What Went Wrong? Learning From Past Game Development Postmortems - ConradHex
http://www.gamasutra.com/view/feature/4001/what_went_wrong_learning_from_.php

======
JabavuAdams
Anecdote:

I'm sitting in an all-hands meeting at a 20-ish person game company I'm
working for. We've just had a project canceled. We go around the table doing a
post-mortem.

When it comes to the producer's turn, he pulls out a Game Developer mag, with
a post-mortem of a previous project we shipped. We repeated almost all of the
"what went wrong" section.

Of course, it didn't seem that way, in the thick of things.

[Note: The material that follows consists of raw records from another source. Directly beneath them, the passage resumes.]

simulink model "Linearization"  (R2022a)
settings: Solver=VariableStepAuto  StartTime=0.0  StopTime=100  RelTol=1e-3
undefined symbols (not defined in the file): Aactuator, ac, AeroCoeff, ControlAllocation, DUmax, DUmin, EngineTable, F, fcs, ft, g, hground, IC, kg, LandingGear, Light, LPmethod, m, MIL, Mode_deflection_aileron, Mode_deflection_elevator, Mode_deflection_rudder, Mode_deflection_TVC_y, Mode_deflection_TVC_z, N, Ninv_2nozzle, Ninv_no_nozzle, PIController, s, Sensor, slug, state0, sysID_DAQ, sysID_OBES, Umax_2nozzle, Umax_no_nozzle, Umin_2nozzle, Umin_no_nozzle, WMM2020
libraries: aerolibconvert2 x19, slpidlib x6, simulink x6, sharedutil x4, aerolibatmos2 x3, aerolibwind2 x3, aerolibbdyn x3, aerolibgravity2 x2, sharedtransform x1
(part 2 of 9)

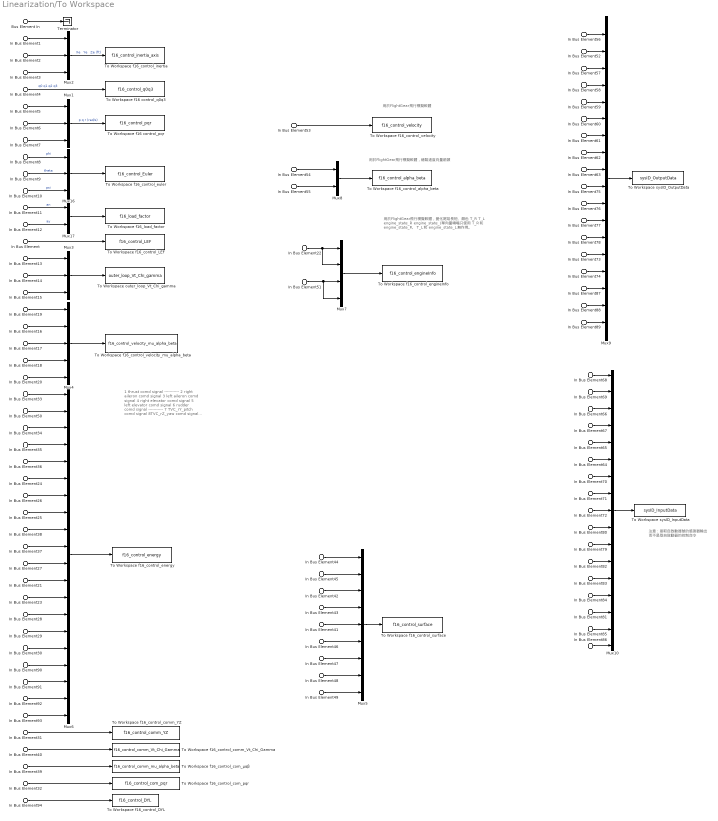
== system Linearization/To Workspace ==
  note: 1 thrust comd signal
      | -----------
      | 2 right aileron comd signal
      | 3 left aileron comd signal
      | 4 right elevator comd signal
      | 5 left elevator comd signal
      | 6 rudder comd signal
      | -----------
      | 7 TVC_rY_pitch comd signal
      | 8TVC_rZ_yaw comd signal
      | 9 TVC_lY_pitch comd signal
      | 10TVC_lZ_yaw comd signal
      |
      | 11 thrust signal
      | -----------
      | 12 right aileron signal
      | 13 left aileron signal
      | 14 right elevator signal
      | 15 left elevator signal
      | 16 rudder signal
      | -----------
      | 17 TVC_rY_pitch signal
      | 18 TVC_rZ_yaw signal
      | 19 TVC_lY_pitch signal
      | 20 TVC_lZ_yaw signal
  note: 用於FlightGear飛行模擬軟體
  note: 用於FlightGear飛行模擬軟體，繪製速度向量箭頭
  note: 用於FlightGear飛行模擬軟體，變化尾焰長短、顏色
      | T_R
      | T_L
      | engine_state_R
      | engine_state_L
      |
      | 單向量噴嘴只使用 T_R 和 engine_state_R。
      | T_L 和 engine_state_L 無作用。
  note: 注意：是取自致動器號的感測器輸出
      | 而不是取自致動器的控制命令
  In Bus Element1 : Inport  PortName=PlantData  Element=npos
  In Bus Element2 : Inport  PortName=PlantData  Element=epos
  In Bus Element3 : Inport  PortName=PlantData  Element=altitude
  In Bus Element4 : Inport  PortName=PlantData  Element=q0q1q2q3
  In Bus Element5 : Inport  PortName=PlantData  Element=p
  In Bus Element61 : Inport  PortName=PlantData  Element=p
  In Bus Element6 : Inport  PortName=PlantData  Element=q
  In Bus Element62 : Inport  PortName=PlantData  Element=q
  In Bus Element7 : Inport  PortName=PlantData  Element=r
  In Bus Element63 : Inport  PortName=PlantData  Element=r
  In Bus Element8 : Inport  PortName=PlantData  Element=phi
  In Bus Element58 : Inport  PortName=PlantData  Element=phi
  In Bus Element9 : Inport  PortName=PlantData  Element=theta
  In Bus Element59 : Inport  PortName=PlantData  Element=theta
  In Bus Element10 : Inport  PortName=PlantData  Element=psi
  In Bus Element60 : Inport  PortName=PlantData  Element=psi
  In Bus Element11 : Inport  PortName=PlantData  Element=an
  In Bus Element12 : Inport  PortName=PlantData  Element=ay
  In Bus Element : Inport  PortName=PlantData  Element=AeroActBus.LEF_deg
  In Bus Element80 : Inport  PortName=PlantData  Element=AeroActBus.LEF_deg
  In Bus Element30 : Inport  PortName=PlantData  Element=AeroActBus.Rudder_deg
  In Bus Element41 : Inport  PortName=PlantData  Element=AeroActBus.Rudder_deg
  In Bus Element65 : Inport  PortName=PlantData  Element=AeroActBus.Rudder_deg
  In Bus Element21 : Inport  PortName=PlantData  Element=AeroActBus.right Aileron_deg
  In Bus Element42 : Inport  PortName=PlantData  Element=AeroActBus.right Aileron_deg
  In Bus Element66 : Inport  PortName=PlantData  Element=AeroActBus.right Aileron_deg
  In Bus Element23 : Inport  PortName=PlantData  Element=AeroActBus.left Aileron_deg
  In Bus Element43 : Inport  PortName=PlantData  Element=AeroActBus.left Aileron_deg
  In Bus Element67 : Inport  PortName=PlantData  Element=AeroActBus.left Aileron_deg
  In Bus Element28 : Inport  PortName=PlantData  Element=AeroActBus.right Elevator_deg
  In Bus Element44 : Inport  PortName=PlantData  Element=AeroActBus.right Elevator_deg
  In Bus Element68 : Inport  PortName=PlantData  Element=AeroActBus.right Elevator_deg
  In Bus Element29 : Inport  PortName=PlantData  Element=AeroActBus.left Elevator_deg
  In Bus Element45 : Inport  PortName=PlantData  Element=AeroActBus.left Elevator_deg
  In Bus Element69 : Inport  PortName=PlantData  Element=AeroActBus.left Elevator_deg
  In Bus Element79 : Inport  PortName=PlantData  Element=AeroActBus.SB_deg
  In Bus Element{13,19,53,56} (4 alike) : Inport  PortName=PlantData  Element=Vt
  In Bus Element14 : Inport  PortName=PlantData  Element=chi
  In Bus Element88 : Inport  PortName=PlantData  Element=chi
  In Bus Element15 : Inport  PortName=PlantData  Element=gamma
  In Bus Element20 : Inport  PortName=PlantData  Element=gamma
  In Bus Element89 : Inport  PortName=PlantData  Element=gamma
  In Bus Element16 : Inport  PortName=PlantData  Element=alpha
  In Bus Element54 : Inport  PortName=PlantData  Element=alpha
  In Bus Element52 : Inport  PortName=PlantData  Element=alpha
  In Bus Element17 : Inport  PortName=PlantData  Element=beta
  In Bus Element55 : Inport  PortName=PlantData  Element=beta
  In Bus Element57 : Inport  PortName=PlantData  Element=beta
  In Bus Element18 : Inport  PortName=PlantData  Element=mu
  In Bus Element87 : Inport  PortName=PlantData  Element=mu
  In Bus Element33 : Inport  PortName=PlantData  Element=fadec_cmd.thrust
  In Bus Element25 : Inport  PortName=PlantData  Element=fadec_cmd.TVC_rz
  In Bus Element26 : Inport  PortName=PlantData  Element=fadec_cmd.TVC_ry
  In Bus Element37 : Inport  PortName=PlantData  Element=fadec_cmd.TVC_lz
  In Bus Element38 : Inport  PortName=PlantData  Element=fadec_cmd.TVC_ly
  In Bus Element24 : Inport  PortName=PlantData  Element=fcs_cmd.rudder
  In Bus Element34 : Inport  PortName=PlantData  Element=fcs_cmd.left aileron
  In Bus Element35 : Inport  PortName=PlantData  Element=fcs_cmd.right elevator
  In Bus Element36 : Inport  PortName=PlantData  Element=fcs_cmd.left elevator
  In Bus Element50 : Inport  PortName=PlantData  Element=fcs_cmd.right aileron
  In Bus Element27 : Inport  PortName=PlantData  Element=PropBus.T
  In Bus Element22 : Inport  PortName=PlantData  Element=PropBus.T
  In Bus Element51 : Inport  PortName=PlantData  Element=PropBus.engine_state
  In Bus Element82 : Inport  PortName=PlantData  Element=PropBus.Tx
  In Bus Element83 : Inport  PortName=PlantData  Element=PropBus.Ty
  In Bus Element84 : Inport  PortName=PlantData  Element=PropBus.Tz
  In Bus Element73 : Inport  PortName=PlantData  Element=ay_offset
  In Bus Element74 : Inport  PortName=PlantData  Element=az_offset
  In Bus Element75 : Inport  PortName=PlantData  Element=p_dot
  In Bus Element76 : Inport  PortName=PlantData  Element=q_dot
  In Bus Element77 : Inport  PortName=PlantData  Element=r_dot
  In Bus Element85 : Inport  PortName=PlantData  Element=f
  In Bus Element86 : Inport  PortName=PlantData  Element=N
  In Bus Element90 : Inport  PortName=PlantData  Element=PropActBus.TVC_ry_pitch_deg
  In Bus Element46 : Inport  PortName=PlantData  Element=PropActBus.TVC_ry_pitch_deg
  In Bus Element64 : Inport  PortName=PlantData  Element=PropActBus.TVC_ry_pitch_deg
  In Bus Element91 : Inport  PortName=PlantData  Element=PropActBus.TVC_rz_yaw_deg
  In Bus Element47 : Inport  PortName=PlantData  Element=PropActBus.TVC_rz_yaw_deg
  In Bus Element70 : Inport  PortName=PlantData  Element=PropActBus.TVC_rz_yaw_deg
  In Bus Element92 : Inport  PortName=PlantData  Element=PropActBus.TVC_ly_pitch_deg
  In Bus Element48 : Inport  PortName=PlantData  Element=PropActBus.TVC_ly_pitch_deg
  In Bus Element71 : Inport  PortName=PlantData  Element=PropActBus.TVC_ly_pitch_deg
  In Bus Element93 : Inport  PortName=PlantData  Element=PropActBus.TVC_lz_yaw_deg
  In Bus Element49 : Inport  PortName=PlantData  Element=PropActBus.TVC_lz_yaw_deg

OTOH, I used to be a bit of a process evangelist. I read Steve McConnell and
Joel before they were popular. It's easy to single out unsuccessful projects
and point to all the mistakes they made, but often the successful ones make
exactly the same mistakes.

There's a moment in the middle of a project when it seems like everything's
going wrong, and the constraints are unsatisfiable, and it'll just end in
disaster. What you do at that moment can make all the difference. Sometimes
just refusing to concede the obvious is enough. Often, it's not.

Even much-admired companies like Pixar have their crunch horror stories.

------
stcredzero
"Another classic error we committed was trying to develop generic tools with a
view to possible future productions, rather than tools dedicated to the
experience of the game we wanted to create."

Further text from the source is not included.